**Exercise description:**
With the pictures set aside, return the lines below exactly, beginning at the first and ending at the line containing "#6=PRODUCT_DEFINITION_FORMATION('','',#4);".

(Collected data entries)
=======

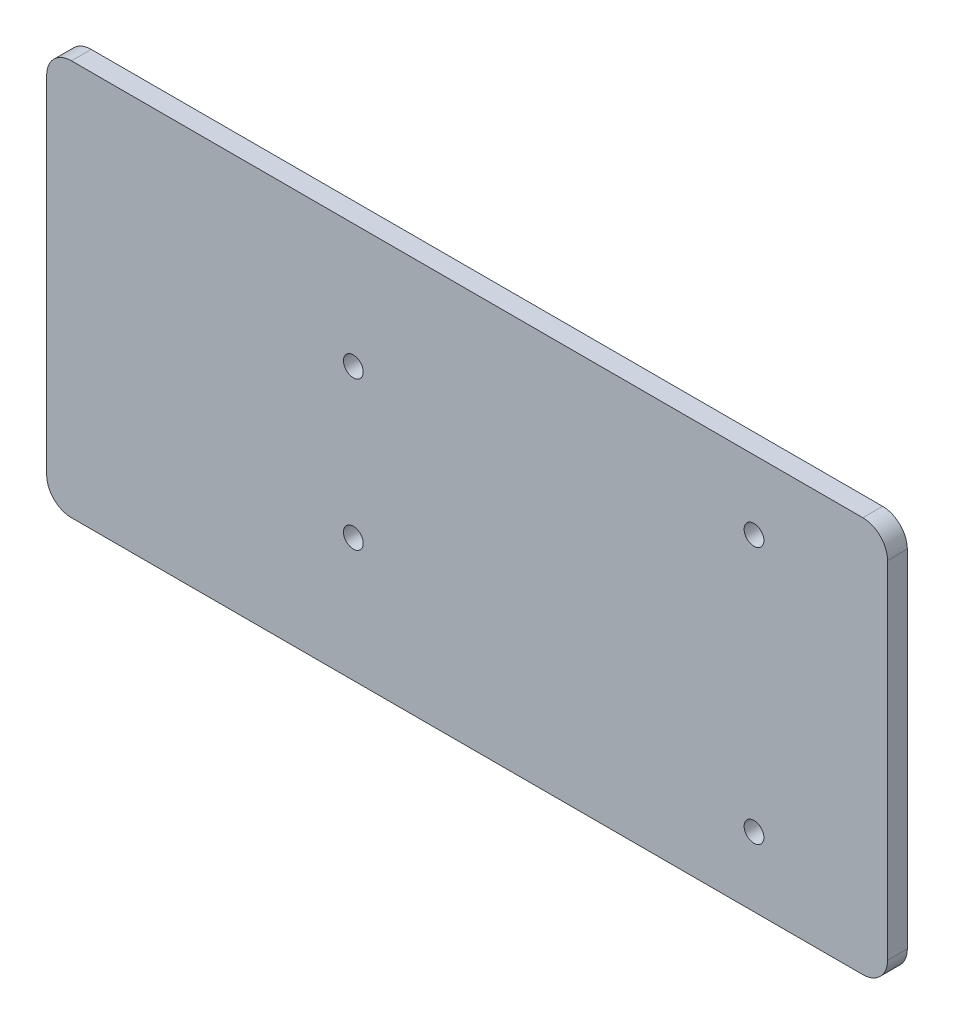
ISO-10303-21;
HEADER;
FILE_DESCRIPTION(('STEP AP214'),'2;1');
FILE_NAME('part.step','',(''),(''),'','','');
FILE_SCHEMA(('AUTOMOTIVE_DESIGN { 1 0 10303 214 1 1 1 1 }'));
ENDSEC;
DATA;
#1=APPLICATION_CONTEXT('core data for automotive mechanical design processes');
#2=APPLICATION_PROTOCOL_DEFINITION('international standard','automotive_design',2000,#1);
#3=PRODUCT_CONTEXT('',#1,'mechanical');
#4=PRODUCT('Part','Part','',(#3));
#5=PRODUCT_RELATED_PRODUCT_CATEGORY('part','',(#4));
#6=PRODUCT_DEFINITION_FORMATION('','',#4);
#7=PRODUCT_DEFINITION_CONTEXT('part definition',#1,'design');
#8=PRODUCT_DEFINITION('design','',#6,#7);
#9=PRODUCT_DEFINITION_SHAPE('','',#8);
#10=(LENGTH_UNIT() NAMED_UNIT(*) SI_UNIT(.MILLI.,.METRE.));
#11=(NAMED_UNIT(*) PLANE_ANGLE_UNIT() SI_UNIT($,.RADIAN.));
#12=(NAMED_UNIT(*) SI_UNIT($,.STERADIAN.) SOLID_ANGLE_UNIT());
#13=UNCERTAINTY_MEASURE_WITH_UNIT(LENGTH_MEASURE(1.E-05),#10,'distance_accuracy_value','');
#14=(GEOMETRIC_REPRESENTATION_CONTEXT(3) GLOBAL_UNCERTAINTY_ASSIGNED_CONTEXT((#13)) GLOBAL_UNIT_ASSIGNED_CONTEXT((#10,
#11,#12)) REPRESENTATION_CONTEXT('',''));
#15=CARTESIAN_POINT('',(0.,0.,0.));
#16=DIRECTION('',(0.,0.,1.));
#17=DIRECTION('',(1.,0.,0.));
#18=AXIS2_PLACEMENT_3D('',#15,#16,#17);
#19=CARTESIAN_POINT('',(-62.1701414432981,87.6287725566978,-35.3246563311678));
#20=DIRECTION('',(0.,0.,-1.));
#21=DIRECTION('',(-1.,0.,0.));
#22=AXIS2_PLACEMENT_3D('',#19,#20,#21);
#23=PLANE('',#22);
#24=CARTESIAN_POINT('',(-62.1701414432981,87.6287725566978,-35.3246563311678));
#25=DIRECTION('',(0.,0.,1.));
#26=DIRECTION('',(-1.,0.,0.));
#27=AXIS2_PLACEMENT_3D('',#24,#25,#26);
#28=CIRCLE('',#27,5.);
#29=CARTESIAN_POINT('',(-62.1701414432981,92.6287725566978,-35.3246563311678));
#30=VERTEX_POINT('',#29);
#31=CARTESIAN_POINT('',(-67.1701414432981,87.6287725566977,-35.3246563311678));
#32=VERTEX_POINT('',#31);
#33=EDGE_CURVE('E151',#30,#32,#28,.T.);
#34=ORIENTED_EDGE('',*,*,#33,.T.);
#35=DIRECTION('',(0.,-1.,0.));
#36=VECTOR('',#35,1.);
#37=CARTESIAN_POINT('',(-67.1701414432981,17.6287725566978,-35.3246563311678));
#38=LINE('',#37,#36);
#39=CARTESIAN_POINT('',(-67.1701414432981,17.6287725566978,-35.3246563311678));
#40=VERTEX_POINT('',#39);
#41=EDGE_CURVE('E99',#32,#40,#38,.T.);
#42=ORIENTED_EDGE('',*,*,#41,.T.);
#43=CARTESIAN_POINT('',(-62.1701414432981,17.6287725566978,-35.3246563311678));
#44=DIRECTION('',(0.,0.,1.));
#45=DIRECTION('',(1.,0.,0.));
#46=AXIS2_PLACEMENT_3D('',#43,#44,#45);
#47=CIRCLE('',#46,5.);
#48=CARTESIAN_POINT('',(-62.1701414432981,12.6287725566978,-35.3246563311678));
#49=VERTEX_POINT('',#48);
#50=EDGE_CURVE('E166',#40,#49,#47,.T.);
#51=ORIENTED_EDGE('',*,*,#50,.T.);
#52=DIRECTION('',(1.,0.,0.));
#53=VECTOR('',#52,1.);
#54=CARTESIAN_POINT('',(-62.1701414432981,12.6287725566978,-35.3246563311678));
#55=LINE('',#54,#53);
#56=CARTESIAN_POINT('',(97.8298585567019,12.6287725566978,-35.3246563311678));
#57=VERTEX_POINT('',#56);
#58=EDGE_CURVE('E179',#49,#57,#55,.T.);
#59=ORIENTED_EDGE('',*,*,#58,.T.);
#60=CARTESIAN_POINT('',(97.8298585567019,17.6287725566978,-35.3246563311678));
#61=DIRECTION('',(0.,0.,1.));
#62=DIRECTION('',(1.,0.,0.));
#63=AXIS2_PLACEMENT_3D('',#60,#61,#62);
#64=CIRCLE('',#63,5.);
#65=CARTESIAN_POINT('',(102.829858556702,17.6287725566978,-35.3246563311678));
#66=VERTEX_POINT('',#65);
#67=EDGE_CURVE('E118',#57,#66,#64,.T.);
#68=ORIENTED_EDGE('',*,*,#67,.T.);
#69=DIRECTION('',(0.,1.,0.));
#70=VECTOR('',#69,1.);
#71=CARTESIAN_POINT('',(102.829858556702,17.6287725566978,-35.3246563311678));
#72=LINE('',#71,#70);
#73=CARTESIAN_POINT('',(102.829858556702,87.6287725566977,-35.3246563311678));
#74=VERTEX_POINT('',#73);
#75=EDGE_CURVE('E112',#66,#74,#72,.T.);
#76=ORIENTED_EDGE('',*,*,#75,.T.);
#77=CARTESIAN_POINT('',(97.8298585567019,87.6287725566978,-35.3246563311678));
#78=DIRECTION('',(0.,0.,1.));
#79=DIRECTION('',(1.,0.,0.));
#80=AXIS2_PLACEMENT_3D('',#77,#78,#79);
#81=CIRCLE('',#80,5.);
#82=CARTESIAN_POINT('',(97.8298585567019,92.6287725566978,-35.3246563311678));
#83=VERTEX_POINT('',#82);
#84=EDGE_CURVE('E116',#74,#83,#81,.T.);
#85=ORIENTED_EDGE('',*,*,#84,.T.);
#86=DIRECTION('',(-1.,0.,0.));
#87=VECTOR('',#86,1.);
#88=CARTESIAN_POINT('',(-62.1701414432981,92.6287725566978,-35.3246563311678));
#89=LINE('',#88,#87);
#90=EDGE_CURVE('E56',#83,#30,#89,.T.);
#91=ORIENTED_EDGE('',*,*,#90,.T.);
#92=EDGE_LOOP('',(#34,#42,#51,#59,#68,#76,#85,#91));
#93=FACE_BOUND('',#92,.T.);
#94=CARTESIAN_POINT('',(75.8298585567019,78.6287725566978,-35.3246563311678));
#95=DIRECTION('',(0.,0.,1.));
#96=DIRECTION('',(1.,0.,0.));
#97=AXIS2_PLACEMENT_3D('',#94,#95,#96);
#98=CIRCLE('',#97,2.);
#99=CARTESIAN_POINT('',(77.8298585567019,78.6287725566978,-35.3246563311678));
#100=VERTEX_POINT('',#99);
#101=EDGE_CURVE('E140',#100,#100,#98,.T.);
#102=ORIENTED_EDGE('',*,*,#101,.F.);
#103=EDGE_LOOP('',(#102));
#104=FACE_BOUND('',#103,.T.);
#105=CARTESIAN_POINT('',(-5.1701414432981,67.6287725566978,-35.3246563311678));
#106=DIRECTION('',(0.,0.,1.));
#107=DIRECTION('',(1.,0.,0.));
#108=AXIS2_PLACEMENT_3D('',#105,#106,#107);
#109=CIRCLE('',#108,2.);
#110=CARTESIAN_POINT('',(-3.1701414432981,67.6287725566978,-35.3246563311678));
#111=VERTEX_POINT('',#110);
#112=EDGE_CURVE('E188',#111,#111,#109,.T.);
#113=ORIENTED_EDGE('',*,*,#112,.F.);
#114=EDGE_LOOP('',(#113));
#115=FACE_BOUND('',#114,.T.);
#116=CARTESIAN_POINT('',(-5.1701414432981,37.6287725566978,-35.3246563311678));
#117=DIRECTION('',(0.,0.,1.));
#118=DIRECTION('',(1.,0.,0.));
#119=AXIS2_PLACEMENT_3D('',#116,#117,#118);
#120=CIRCLE('',#119,2.);
#121=CARTESIAN_POINT('',(-3.1701414432981,37.6287725566978,-35.3246563311678));
#122=VERTEX_POINT('',#121);
#123=EDGE_CURVE('E194',#122,#122,#120,.T.);
#124=ORIENTED_EDGE('',*,*,#123,.F.);
#125=EDGE_LOOP('',(#124));
#126=FACE_BOUND('',#125,.T.);
#127=CARTESIAN_POINT('',(75.8298585567019,26.6287725566978,-35.3246563311678));
#128=DIRECTION('',(0.,0.,1.));
#129=DIRECTION('',(1.,0.,0.));
#130=AXIS2_PLACEMENT_3D('',#127,#128,#129);
#131=CIRCLE('',#130,2.);
#132=CARTESIAN_POINT('',(77.8298585567019,26.6287725566978,-35.3246563311678));
#133=VERTEX_POINT('',#132);
#134=EDGE_CURVE('E200',#133,#133,#131,.T.);
#135=ORIENTED_EDGE('',*,*,#134,.F.);
#136=EDGE_LOOP('',(#135));
#137=FACE_BOUND('',#136,.T.);
#138=ADVANCED_FACE('F39',(#93,#104,#115,#126,#137),#23,.F.);
#139=CARTESIAN_POINT('',(-62.1701414432981,87.6287725566978,-39.3246563311678));
#140=DIRECTION('',(0.,0.,-1.));
#141=DIRECTION('',(-1.,0.,0.));
#142=AXIS2_PLACEMENT_3D('',#139,#140,#141);
#143=PLANE('',#142);
#144=CARTESIAN_POINT('',(-5.1701414432981,37.6287725566978,-39.3246563311678));
#145=DIRECTION('',(0.,0.,1.));
#146=DIRECTION('',(1.,0.,0.));
#147=AXIS2_PLACEMENT_3D('',#144,#145,#146);
#148=CIRCLE('',#147,2.);
#149=CARTESIAN_POINT('',(-3.1701414432981,37.6287725566978,-39.3246563311678));
#150=VERTEX_POINT('',#149);
#151=EDGE_CURVE('E197',#150,#150,#148,.T.);
#152=ORIENTED_EDGE('',*,*,#151,.T.);
#153=EDGE_LOOP('',(#152));
#154=FACE_BOUND('',#153,.T.);
#155=CARTESIAN_POINT('',(75.8298585567019,78.6287725566978,-39.3246563311678));
#156=DIRECTION('',(0.,0.,1.));
#157=DIRECTION('',(1.,0.,0.));
#158=AXIS2_PLACEMENT_3D('',#155,#156,#157);
#159=CIRCLE('',#158,2.);
#160=CARTESIAN_POINT('',(77.8298585567019,78.6287725566978,-39.3246563311678));
#161=VERTEX_POINT('',#160);
#162=EDGE_CURVE('E185',#161,#161,#159,.T.);
#163=ORIENTED_EDGE('',*,*,#162,.T.);
#164=EDGE_LOOP('',(#163));
#165=FACE_BOUND('',#164,.T.);
#166=CARTESIAN_POINT('',(-62.1701414432981,87.6287725566978,-39.3246563311678));
#167=DIRECTION('',(0.,0.,1.));
#168=DIRECTION('',(-1.,0.,0.));
#169=AXIS2_PLACEMENT_3D('',#166,#167,#168);
#170=CIRCLE('',#169,5.);
#171=CARTESIAN_POINT('',(-62.1701414432981,92.6287725566978,-39.3246563311678));
#172=VERTEX_POINT('',#171);
#173=CARTESIAN_POINT('',(-67.1701414432981,87.6287725566977,-39.3246563311678));
#174=VERTEX_POINT('',#173);
#175=EDGE_CURVE('E136',#172,#174,#170,.T.);
#176=ORIENTED_EDGE('',*,*,#175,.F.);
#177=DIRECTION('',(-1.,0.,0.));
#178=VECTOR('',#177,1.);
#179=CARTESIAN_POINT('',(-62.1701414432981,92.6287725566978,-39.3246563311678));
#180=LINE('',#179,#178);
#181=CARTESIAN_POINT('',(97.8298585567019,92.6287725566978,-39.3246563311678));
#182=VERTEX_POINT('',#181);
#183=EDGE_CURVE('E91',#182,#172,#180,.T.);
#184=ORIENTED_EDGE('',*,*,#183,.F.);
#185=CARTESIAN_POINT('',(97.8298585567019,87.6287725566978,-39.3246563311678));
#186=DIRECTION('',(0.,0.,1.));
#187=DIRECTION('',(1.,0.,0.));
#188=AXIS2_PLACEMENT_3D('',#185,#186,#187);
#189=CIRCLE('',#188,5.);
#190=CARTESIAN_POINT('',(102.829858556702,87.6287725566977,-39.3246563311678));
#191=VERTEX_POINT('',#190);
#192=EDGE_CURVE('E85',#191,#182,#189,.T.);
#193=ORIENTED_EDGE('',*,*,#192,.F.);
#194=DIRECTION('',(0.,1.,0.));
#195=VECTOR('',#194,1.);
#196=CARTESIAN_POINT('',(102.829858556702,17.6287725566978,-39.3246563311678));
#197=LINE('',#196,#195);
#198=CARTESIAN_POINT('',(102.829858556702,17.6287725566978,-39.3246563311678));
#199=VERTEX_POINT('',#198);
#200=EDGE_CURVE('E126',#199,#191,#197,.T.);
#201=ORIENTED_EDGE('',*,*,#200,.F.);
#202=CARTESIAN_POINT('',(97.8298585567019,17.6287725566978,-39.3246563311678));
#203=DIRECTION('',(0.,0.,1.));
#204=DIRECTION('',(1.,0.,0.));
#205=AXIS2_PLACEMENT_3D('',#202,#203,#204);
#206=CIRCLE('',#205,5.);
#207=CARTESIAN_POINT('',(97.8298585567019,12.6287725566978,-39.3246563311678));
#208=VERTEX_POINT('',#207);
#209=EDGE_CURVE('E146',#208,#199,#206,.T.);
#210=ORIENTED_EDGE('',*,*,#209,.F.);
#211=DIRECTION('',(1.,0.,0.));
#212=VECTOR('',#211,1.);
#213=CARTESIAN_POINT('',(-62.1701414432981,12.6287725566978,-39.3246563311678));
#214=LINE('',#213,#212);
#215=CARTESIAN_POINT('',(-62.1701414432981,12.6287725566978,-39.3246563311678));
#216=VERTEX_POINT('',#215);
#217=EDGE_CURVE('E144',#216,#208,#214,.T.);
#218=ORIENTED_EDGE('',*,*,#217,.F.);
#219=CARTESIAN_POINT('',(-62.1701414432981,17.6287725566978,-39.3246563311678));
#220=DIRECTION('',(0.,0.,1.));
#221=DIRECTION('',(1.,0.,0.));
#222=AXIS2_PLACEMENT_3D('',#219,#220,#221);
#223=CIRCLE('',#222,5.);
#224=CARTESIAN_POINT('',(-67.1701414432981,17.6287725566978,-39.3246563311678));
#225=VERTEX_POINT('',#224);
#226=EDGE_CURVE('E142',#225,#216,#223,.T.);
#227=ORIENTED_EDGE('',*,*,#226,.F.);
#228=DIRECTION('',(0.,-1.,0.));
#229=VECTOR('',#228,1.);
#230=CARTESIAN_POINT('',(-67.1701414432981,17.6287725566978,-39.3246563311678));
#231=LINE('',#230,#229);
#232=EDGE_CURVE('E139',#174,#225,#231,.T.);
#233=ORIENTED_EDGE('',*,*,#232,.F.);
#234=EDGE_LOOP('',(#176,#184,#193,#201,#210,#218,#227,#233));
#235=FACE_BOUND('',#234,.T.);
#236=CARTESIAN_POINT('',(-5.1701414432981,67.6287725566978,-39.3246563311678));
#237=DIRECTION('',(0.,0.,1.));
#238=DIRECTION('',(1.,0.,0.));
#239=AXIS2_PLACEMENT_3D('',#236,#237,#238);
#240=CIRCLE('',#239,2.);
#241=CARTESIAN_POINT('',(-3.1701414432981,67.6287725566978,-39.3246563311678));
#242=VERTEX_POINT('',#241);
#243=EDGE_CURVE('E191',#242,#242,#240,.T.);
#244=ORIENTED_EDGE('',*,*,#243,.T.);
#245=EDGE_LOOP('',(#244));
#246=FACE_BOUND('',#245,.T.);
#247=CARTESIAN_POINT('',(75.8298585567019,26.6287725566978,-39.3246563311678));
#248=DIRECTION('',(0.,0.,1.));
#249=DIRECTION('',(1.,0.,0.));
#250=AXIS2_PLACEMENT_3D('',#247,#248,#249);
#251=CIRCLE('',#250,2.);
#252=CARTESIAN_POINT('',(77.8298585567019,26.6287725566978,-39.3246563311678));
#253=VERTEX_POINT('',#252);
#254=EDGE_CURVE('E203',#253,#253,#251,.T.);
#255=ORIENTED_EDGE('',*,*,#254,.T.);
#256=EDGE_LOOP('',(#255));
#257=FACE_BOUND('',#256,.T.);
#258=ADVANCED_FACE('F170',(#154,#165,#235,#246,#257),#143,.T.);
#259=CARTESIAN_POINT('',(-62.1701414432981,87.6287725566978,-35.3246563311678));
#260=DIRECTION('',(0.,0.,-1.));
#261=DIRECTION('',(-1.,0.,0.));
#262=AXIS2_PLACEMENT_3D('',#259,#260,#261);
#263=CYLINDRICAL_SURFACE('',#262,5.);
#264=ORIENTED_EDGE('',*,*,#175,.T.);
#265=DIRECTION('',(0.,0.,-1.));
#266=VECTOR('',#265,1.);
#267=CARTESIAN_POINT('',(-67.1701414432981,87.6287725566977,-35.3246563311678));
#268=LINE('',#267,#266);
#269=EDGE_CURVE('E11',#32,#174,#268,.T.);
#270=ORIENTED_EDGE('',*,*,#269,.F.);
#271=ORIENTED_EDGE('',*,*,#33,.F.);
#272=DIRECTION('',(0.,0.,-1.));
#273=VECTOR('',#272,1.);
#274=CARTESIAN_POINT('',(-62.1701414432981,92.6287725566978,-35.3246563311678));
#275=LINE('',#274,#273);
#276=EDGE_CURVE('E132',#30,#172,#275,.T.);
#277=ORIENTED_EDGE('',*,*,#276,.T.);
#278=EDGE_LOOP('',(#264,#270,#271,#277));
#279=FACE_BOUND('',#278,.T.);
#280=ADVANCED_FACE('F41',(#279),#263,.T.);
#281=CARTESIAN_POINT('',(-67.1701414432981,17.6287725566978,-35.3246563311678));
#282=DIRECTION('',(1.,0.,0.));
#283=DIRECTION('',(0.,0.,-1.));
#284=AXIS2_PLACEMENT_3D('',#281,#282,#283);
#285=PLANE('',#284);
#286=ORIENTED_EDGE('',*,*,#232,.T.);
#287=DIRECTION('',(0.,0.,-1.));
#288=VECTOR('',#287,1.);
#289=CARTESIAN_POINT('',(-67.1701414432981,17.6287725566978,-35.3246563311678));
#290=LINE('',#289,#288);
#291=EDGE_CURVE('E48',#40,#225,#290,.T.);
#292=ORIENTED_EDGE('',*,*,#291,.F.);
#293=ORIENTED_EDGE('',*,*,#41,.F.);
#294=ORIENTED_EDGE('',*,*,#269,.T.);
#295=EDGE_LOOP('',(#286,#292,#293,#294));
#296=FACE_BOUND('',#295,.T.);
#297=ADVANCED_FACE('F235',(#296),#285,.F.);
#298=CARTESIAN_POINT('',(-62.1701414432981,17.6287725566978,-35.3246563311678));
#299=DIRECTION('',(0.,0.,-1.));
#300=DIRECTION('',(-1.,0.,0.));
#301=AXIS2_PLACEMENT_3D('',#298,#299,#300);
#302=CYLINDRICAL_SURFACE('',#301,5.);
#303=ORIENTED_EDGE('',*,*,#226,.T.);
#304=DIRECTION('',(0.,0.,-1.));
#305=VECTOR('',#304,1.);
#306=CARTESIAN_POINT('',(-62.1701414432981,12.6287725566978,-35.3246563311678));
#307=LINE('',#306,#305);
#308=EDGE_CURVE('E158',#49,#216,#307,.T.);
#309=ORIENTED_EDGE('',*,*,#308,.F.);
#310=ORIENTED_EDGE('',*,*,#50,.F.);
#311=ORIENTED_EDGE('',*,*,#291,.T.);
#312=EDGE_LOOP('',(#303,#309,#310,#311));
#313=FACE_BOUND('',#312,.T.);
#314=ADVANCED_FACE('F164',(#313),#302,.T.);
#315=CARTESIAN_POINT('',(-62.1701414432981,12.6287725566978,-35.3246563311678));
#316=DIRECTION('',(0.,1.,0.));
#317=DIRECTION('',(0.,0.,1.));
#318=AXIS2_PLACEMENT_3D('',#315,#316,#317);
#319=PLANE('',#318);
#320=ORIENTED_EDGE('',*,*,#217,.T.);
#321=DIRECTION('',(0.,0.,-1.));
#322=VECTOR('',#321,1.);
#323=CARTESIAN_POINT('',(97.8298585567019,12.6287725566978,-35.3246563311678));
#324=LINE('',#323,#322);
#325=EDGE_CURVE('E155',#57,#208,#324,.T.);
#326=ORIENTED_EDGE('',*,*,#325,.F.);
#327=ORIENTED_EDGE('',*,*,#58,.F.);
#328=ORIENTED_EDGE('',*,*,#308,.T.);
#329=EDGE_LOOP('',(#320,#326,#327,#328));
#330=FACE_BOUND('',#329,.T.);
#331=ADVANCED_FACE('F175',(#330),#319,.F.);
#332=CARTESIAN_POINT('',(97.8298585567019,17.6287725566978,-35.3246563311678));
#333=DIRECTION('',(0.,0.,-1.));
#334=DIRECTION('',(-1.,0.,0.));
#335=AXIS2_PLACEMENT_3D('',#332,#333,#334);
#336=CYLINDRICAL_SURFACE('',#335,5.);
#337=ORIENTED_EDGE('',*,*,#209,.T.);
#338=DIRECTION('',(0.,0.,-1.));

=======

**Problem solution:**
ISO-10303-21;
HEADER;
FILE_DESCRIPTION(('STEP AP214'),'2;1');
FILE_NAME('part.step','',(''),(''),'','','');
FILE_SCHEMA(('AUTOMOTIVE_DESIGN { 1 0 10303 214 1 1 1 1 }'));
ENDSEC;
DATA;
#1=APPLICATION_CONTEXT('core data for automotive mechanical design processes');
#2=APPLICATION_PROTOCOL_DEFINITION('international standard','automotive_design',2000,#1);
#3=PRODUCT_CONTEXT('',#1,'mechanical');
#4=PRODUCT('Part','Part','',(#3));
#5=PRODUCT_RELATED_PRODUCT_CATEGORY('part','',(#4));
#6=PRODUCT_DEFINITION_FORMATION('','',#4);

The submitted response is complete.